2016/11/28 13:00:04 HTTP 200 on http://localhost:9200/issue5/default/_bulk
2016/11/28 13:00:04  {
    "took":1,
    "errors":true,
    "items":[
        {
            "index": {
                "_index": "issue5",
                "_type": "default",
                "_id":"AViqzmvFcb59SOxC0rQf",
                "status":429,
                "error":{
                    "type":"es_rejected_execution_exception",
                    "reason":"rejected execution of org.elasticsearch. ..."
                    ...
                }
            ...
        }
    ]
}

With lower number of workers, elasticsearch won't exhaust its thread pool, so the problem does not occur.

If is not possible to increase the thread pool size above the # of available processors + 1, but it is possible to increase the thread_pool.bulk.queue_size value.

Examples:

$ wc -l 1M.ldj
1000000

$ esbulk -w 48 -verbose 1M.ldj # fine with thread_pool.bulk.queue_size: 100000
...
1000000 docs in 7m14.426745922s at 2301.884 docs/s with 48 workers

$ esbulk -w 4 -verbose 1M.ldj # elasticsearch defaults
...
1000000 docs in 7m53.492212973s at 2111.967 docs/s with 4 workers

I will fix esbulk to slow down and retry the bulk request, if any error happened.
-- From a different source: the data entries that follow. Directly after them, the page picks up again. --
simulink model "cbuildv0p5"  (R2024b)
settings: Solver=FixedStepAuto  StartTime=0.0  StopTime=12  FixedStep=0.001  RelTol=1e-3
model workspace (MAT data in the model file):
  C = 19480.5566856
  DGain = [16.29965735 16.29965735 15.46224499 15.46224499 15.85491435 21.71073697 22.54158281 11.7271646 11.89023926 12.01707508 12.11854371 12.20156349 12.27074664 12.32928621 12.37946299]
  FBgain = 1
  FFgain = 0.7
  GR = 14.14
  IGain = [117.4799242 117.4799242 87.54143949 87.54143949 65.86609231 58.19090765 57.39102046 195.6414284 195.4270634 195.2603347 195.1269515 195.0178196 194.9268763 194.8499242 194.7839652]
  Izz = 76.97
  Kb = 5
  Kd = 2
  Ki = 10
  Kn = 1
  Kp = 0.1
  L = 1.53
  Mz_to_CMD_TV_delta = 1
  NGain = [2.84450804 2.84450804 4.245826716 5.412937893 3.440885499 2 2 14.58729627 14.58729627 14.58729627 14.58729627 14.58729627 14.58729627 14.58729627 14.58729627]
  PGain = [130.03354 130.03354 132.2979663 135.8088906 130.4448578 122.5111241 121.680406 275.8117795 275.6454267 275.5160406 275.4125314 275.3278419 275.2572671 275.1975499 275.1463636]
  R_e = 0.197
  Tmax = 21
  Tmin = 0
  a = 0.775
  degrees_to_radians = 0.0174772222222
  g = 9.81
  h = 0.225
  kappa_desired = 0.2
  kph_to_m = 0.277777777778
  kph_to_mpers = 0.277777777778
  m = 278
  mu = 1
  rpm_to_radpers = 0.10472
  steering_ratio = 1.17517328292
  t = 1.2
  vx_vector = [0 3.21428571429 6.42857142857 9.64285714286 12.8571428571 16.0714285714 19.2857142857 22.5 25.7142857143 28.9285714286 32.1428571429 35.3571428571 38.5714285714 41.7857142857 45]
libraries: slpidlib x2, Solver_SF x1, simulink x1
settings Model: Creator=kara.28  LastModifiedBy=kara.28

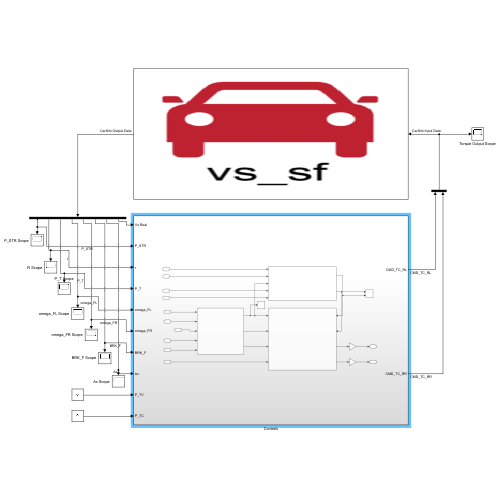
[thumbnail: Simulink's stored preview of the top-level diagram]
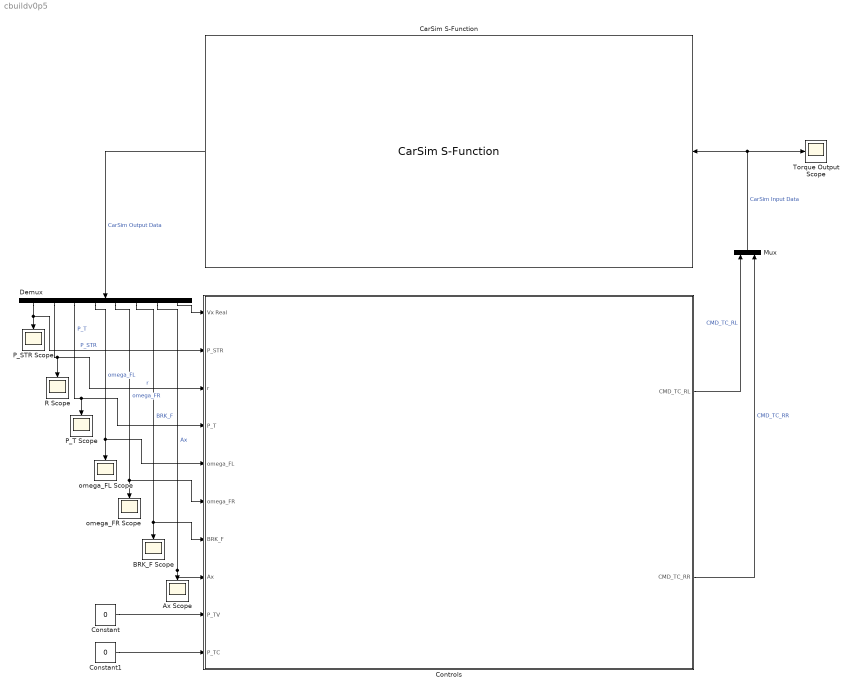
== system cbuildv0p5 ==
  Ax Scope : Scope
  BRK_F Scope : Scope
  CarSim S-Function : Solver_SF/CarSim S-Function  Priority=1  SIMFILE=simfile.sim  Run_RTs=off  vs_state_ind=Run  StopMode_ind=Vehicle Model
  Constant : Constant  Value=0
  Constant1 : Constant  Value=0
  Controls : Subsystem
  Demux : Demux  Outputs=8
  Mux : Mux  Inputs=2
  P_STR Scope : Scope
  P_T Scope : Scope
  R Scope : Scope
  Torque Output Scope : Scope
  omega_FL Scope : Scope
  omega_FR Scope : Scope
  wires:
  Constant/1 -> Controls/9(P_TV)
  Constant1/1 -> Controls/10(P_TC)
  Mux/1 -> Torque Output Scope/1, CarSim S-Function/1  "CarSim Input Data"
  CarSim S-Function/1 -> Demux/1  "CarSim Output Data"
  Demux/1 -> P_STR Scope/1, Controls/2(P_STR)  "P_STR"
  Demux/2 -> R Scope/1, Controls/3(r)  "r"
  Demux/3 -> P_T Scope/1, Controls/4(P_T)  "P_T"
  Demux/4 -> omega_FL Scope/1, Controls/5(omega_FL)  "omega_FL"
  Demux/5 -> omega_FR Scope/1, Controls/6(omega_FR)  "omega_FR"
  Demux/6 -> BRK_F Scope/1, Controls/7(BRK_F)  "BRK_F"
  Demux/7 -> Ax Scope/1, Controls/8(Ax)  "Ax"
  Controls/1(CMD_TC_RL) -> Mux/1  "CMD_TC_RL"
  Controls/2(CMD_TC_RR) -> Mux/2  "CMD_TC_RR"
  Demux/8 -> Controls/1(Vx Real)

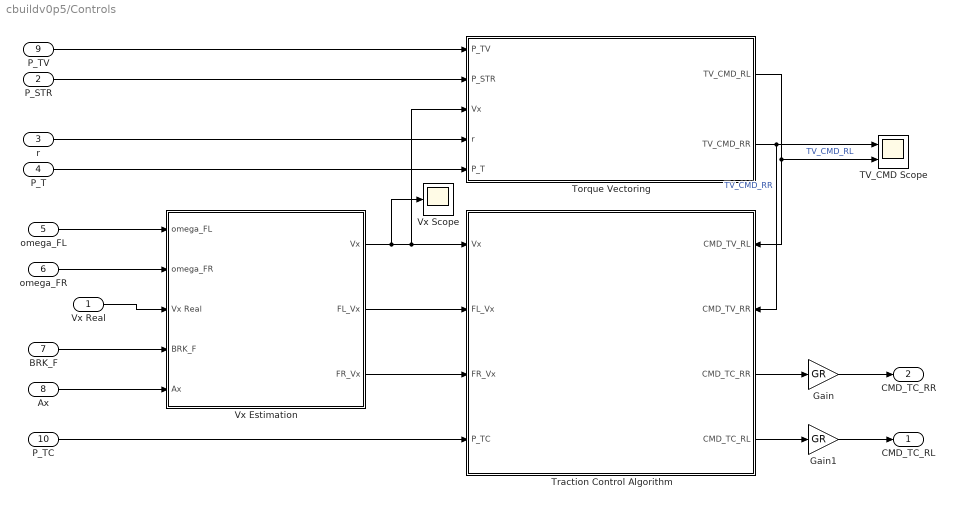
== system cbuildv0p5/Controls ==
  Vx Real : Inport
  P_STR : Inport  Port=2
  r : Inport  Port=3
  P_T : Inport  Port=4
  omega_FL : Inport  Port=5
  omega_FR : Inport  Port=6
  BRK_F : Inport  Port=7
  Ax : Inport  Port=8
  P_TV : Inport  Port=9
  P_TC : Inport  Port=10
  Gain : Gain  Gain=GR
  Gain1 : Gain  Gain=GR
  TV_CMD Scope : Scope  NumInputPorts=2
  Torque Vectoring : Subsystem
  Traction Control Algorithm : Subsystem
      settings: PortSchema="{\"entries\":[{\"content\":{\"sides\":[{\"content\":{\"connectorIds\":[\"In1\",\"In2\",\"In3\",\"In4\"]},\"type\":\"ConnectorPlacement.EquallySpacedRectSide\",\"uuid\":\"6d3224cc-3493-4876-87bf-cb750c54d205\"},{\"content\":{\"connectorIds\":[\"In5\",\"In6\",\"Out1\",\"Out2\"],\"side\":\"RIGHT\"},\"type\":\"ConnectorPlacement.EquallySpacedRectSide\",\"uuid\":\"16bb671c-e18d-4977-8b66-2f7bbb636356\"},{\"content\":{\"side\":\"TOP\"},\"type\":\"ConnectorPlacement.EquallySpacedRectSide\",\"uuid\":\"70c91239-ad82-48f3-8aa3-48d7bdfb7bbb\"}]},\"type\":\"ConnectorPlacement.EquallySpacedConnector\",\"uuid\":\"0f8ba5f7-72f2-430e-8458-63f00911aa7a\"}],\"packageUris\":[\"http://schema.mathworks.com/mf0/Connector/R2020b\"],\"version\":\"1.0\"}"
  Vx Estimation : Subsystem
  Vx Scope : Scope
  CMD_TC_RL : Outport
  CMD_TC_RR : Outport  Port=2
  wires:
  omega_FL/1 -> Vx Estimation/1(omega_FL)
  Vx Estimation/3(FR_Vx) -> Traction Control Algorithm/3(FR_Vx)
  Torque Vectoring/1(TV_CMD_RL) -> Traction Control Algorithm/5(CMD_TV_RL), TV_CMD Scope/2  "TV_CMD_RL"
  P_STR/1 -> Torque Vectoring/2(P_STR)
  Vx Estimation/2(FL_Vx) -> Traction Control Algorithm/2(FL_Vx)
  Vx Estimation/1(Vx) -> Vx Scope/1, Torque Vectoring/3(Vx), Traction Control Algorithm/1(Vx)
  P_T/1 -> Torque Vectoring/5(P_T)
  Ax/1 -> Vx Estimation/5(Ax)
  BRK_F/1 -> Vx Estimation/4(BRK_F)
  P_TC/1 -> Traction Control Algorithm/4(P_TC)
  omega_FR/1 -> Vx Estimation/2(omega_FR)
  Traction Control Algorithm/2(CMD_TC_RL) -> Gain1/1
  P_TV/1 -> Torque Vectoring/1(P_TV)
  Traction Control Algorithm/1(CMD_TC_RR) -> Gain/1
  r/1 -> Torque Vectoring/4(r)
  Torque Vectoring/2(TV_CMD_RR) -> Traction Control Algorithm/6(CMD_TV_RR), TV_CMD Scope/1  "TV_CMD_RR"
  Vx Real/1 -> Vx Estimation/3(Vx Real)
  Gain/1 -> CMD_TC_RR/1
  Gain1/1 -> CMD_TC_RL/1

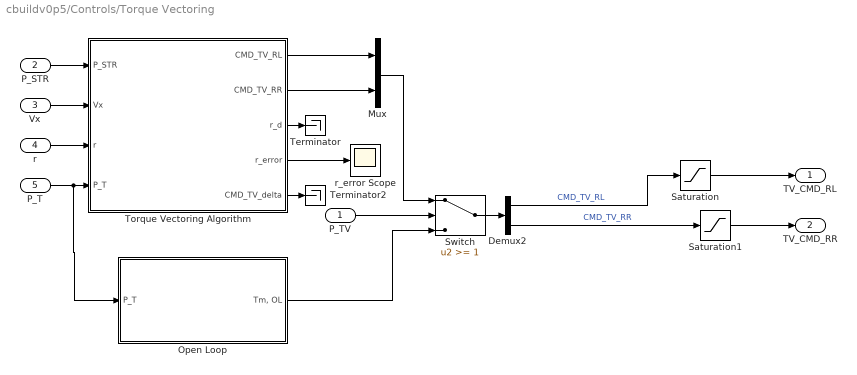
== system cbuildv0p5/Controls/Torque Vectoring ==
  P_TV : Inport
  P_STR : Inport  Port=2
  Vx : Inport  Port=3
  r : Inport  Port=4
  P_T : Inport  Port=5
  Demux2 : Demux  Outputs=2
  Mux : Mux  Inputs=2
  Open Loop : Subsystem
  Saturation : Saturate  UpperLimit=Tmax  LowerLimit=Tmin
  Saturation1 : Saturate  UpperLimit=Tmax  LowerLimit=Tmin
  Switch : Switch  Threshold=1  SaturateOnIntegerOverflow=off  InputSameDT=off
  Terminator : Terminator
  Terminator2 : Terminator
  Torque Vectoring Algorithm : Subsystem
  r_error Scope : Scope
  TV_CMD_RL : Outport
  TV_CMD_RR : Outport  Port=2
  wires:
  Demux2/2 -> Saturation1/1  "CMD_TV_RR"
  Mux/1 -> Switch/1
  P_TV/1 -> Switch/2
  Torque Vectoring Algorithm/2(CMD_TV_RR) -> Mux/2
  Demux2/1 -> Saturation/1  "CMD_TV_RL"
  Open Loop/1("Tm, OL") -> Switch/3
  Torque Vectoring Algorithm/1(CMD_TV_RL) -> Mux/1
  Switch/1 -> Demux2/1
  P_STR/1 -> Torque Vectoring Algorithm/1(P_STR)
  Vx/1 -> Torque Vectoring Algorithm/2(Vx)
  r/1 -> Torque Vectoring Algorithm/3(r)
  P_T/1 -> Open Loop/1(P_T), Torque Vectoring Algorithm/4(P_T)
  Torque Vectoring Algorithm/3(r_d) -> Terminator/1
  Torque Vectoring Algorithm/4(r_error) -> r_error Scope/1
  Torque Vectoring Algorithm/5(CMD_TV_delta) -> Terminator2/1
  Saturation/1 -> TV_CMD_RL/1
  Saturation1/1 -> TV_CMD_RR/1

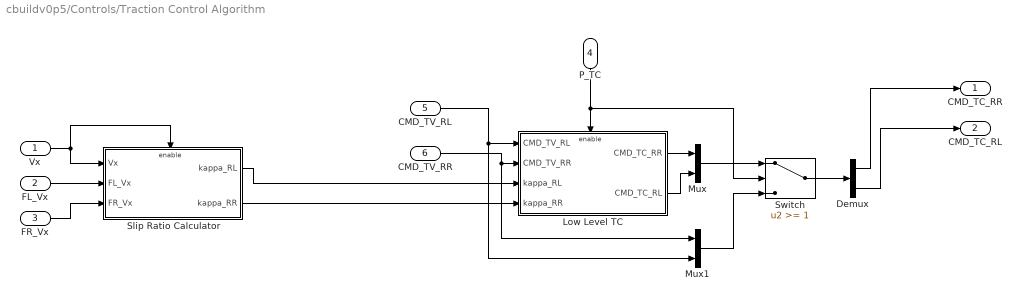
== system cbuildv0p5/Controls/Traction Control Algorithm ==
  Vx : Inport
  FL_Vx : Inport  Port=2
  FR_Vx : Inport  Port=3
  P_TC : Inport  Port=4
  CMD_TV_RL : Inport  Port=5
  CMD_TV_RR : Inport  Port=6
  Demux : Demux  Outputs=2
  Low Level TC : Subsystem
  Mux : Mux  Inputs=2
  Mux1 : Mux  Inputs=2
  Slip Ratio Calculator : Subsystem
  Switch : Switch  Threshold=1  SaturateOnIntegerOverflow=off  InputSameDT=off
  CMD_TC_RR : Outport
  CMD_TC_RL : Outport  Port=2
  wires:
  Slip Ratio Calculator/2(kappa_RR) -> Low Level TC/4(kappa_RR)
  Slip Ratio Calculator/1(kappa_RL) -> Low Level TC/3(kappa_RL)
  FL_Vx/1 -> Slip Ratio Calculator/2(FL_Vx)
  Vx/1 -> Slip Ratio Calculator/Enable, Slip Ratio Calculator/1(Vx)
  FR_Vx/1 -> Slip Ratio Calculator/3(FR_Vx)
  CMD_TV_RL/1 -> Mux1/2, Low Level TC/1(CMD_TV_RL)
  CMD_TV_RR/1 -> Mux1/1, Low Level TC/2(CMD_TV_RR)
  Low Level TC/1(CMD_TC_RR) -> Mux/1
  Low Level TC/2(CMD_TC_RL) -> Mux/2
  Mux/1 -> Switch/1
  Mux1/1 -> Switch/3
  Switch/1 -> Demux/1
  Demux/1 -> CMD_TC_RR/1
  Demux/2 -> CMD_TC_RL/1
  P_TC/1 -> Switch/2, Low Level TC/Enable

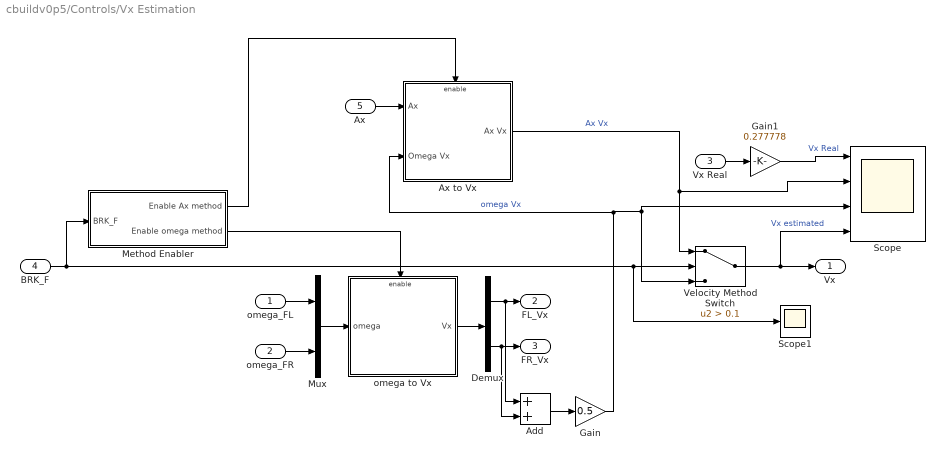
== system cbuildv0p5/Controls/Vx Estimation ==
  omega_FL : Inport
  omega_FR : Inport  Port=2
  Vx Real : Inport  Port=3
  BRK_F : Inport  Port=4
  Ax : Inport  Port=5
  Add : Sum
  Ax to Vx : Subsystem
  Demux : Demux  Outputs=2
  Gain : Gain  Gain=0.5
  Gain1 : Gain  Gain=0.277778
  Method Enabler : Subsystem
  Mux : Mux  Inputs=2
  Scope : Scope  NumInputPorts=4
  Scope1 : Scope
  Velocity Method Switch : Switch  Criteria=u2 > Threshold  Threshold=0.1  SaturateOnIntegerOverflow=off  InputSameDT=off
  omega to Vx : Subsystem
  Vx : Outport
  FL_Vx : Outport  Port=2
  FR_Vx : Outport  Port=3
  wires:
  Mux/1 -> omega to Vx/1(omega)
  omega to Vx/1(Vx) -> Demux/1
  Demux/2 -> Add/2, FR_Vx/1
  omega_FR/1 -> Mux/2
  omega_FL/1 -> Mux/1
  Demux/1 -> Add/1, FL_Vx/1
  BRK_F/1 -> Scope1/1, Velocity Method Switch/2, Method Enabler/1(BRK_F)
  Add/1 -> Gain/1
  Gain/1 -> Velocity Method Switch/3, Scope/3, Ax to Vx/2(Omega Vx)  "omega Vx"
  Velocity Method Switch/1 -> Vx/1, Scope/4  "Vx estimated"
  Ax/1 -> Ax to Vx/1(Ax)
  Ax to Vx/1(Ax Vx) -> Velocity Method Switch/1, Scope/2  "Ax Vx"
  Method Enabler/2(Enable omega method) -> omega to Vx/Enable
  Vx Real/1 -> Gain1/1
  Gain1/1 -> Scope/1  "Vx Real"
  Method Enabler/1(Enable Ax method) -> Ax to Vx/Enable

== system cbuildv0p5/Controls/Torque Vectoring/Open Loop ==
  P_T : Inport
  Gain : Gain  Gain=Tmax
  "Tm, OL" : Outport
  wires:
  P_T/1 -> Gain/1
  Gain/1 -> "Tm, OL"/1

For single server setups, the defaults should be save and increasing the number of workers won't result in faster indexing.

miku commented 7 years ago

@albertpastrana, @karanjeets I released another version, esbulk 0.4.1 which fixes the problem, at least to a certain extent (c.f. release notes and b16722f3). It should now be impossible to silently lose documents, as esbulk will now halt at the first bulk error it encounters (these errors come in a HTTP 200 and therefore went undetected until now).

I have successfully tested this on a local, single node setup. As always, feedback welcome. Thanks!

miku commented 7 years ago

We could think about a transactional bracket around the indexing process, some kind of rollback or a in-flight adjustment of the number of workers. Since esbulk is usable without it, I close this issue for now.

I updated the README with a detailed caveat about this issue.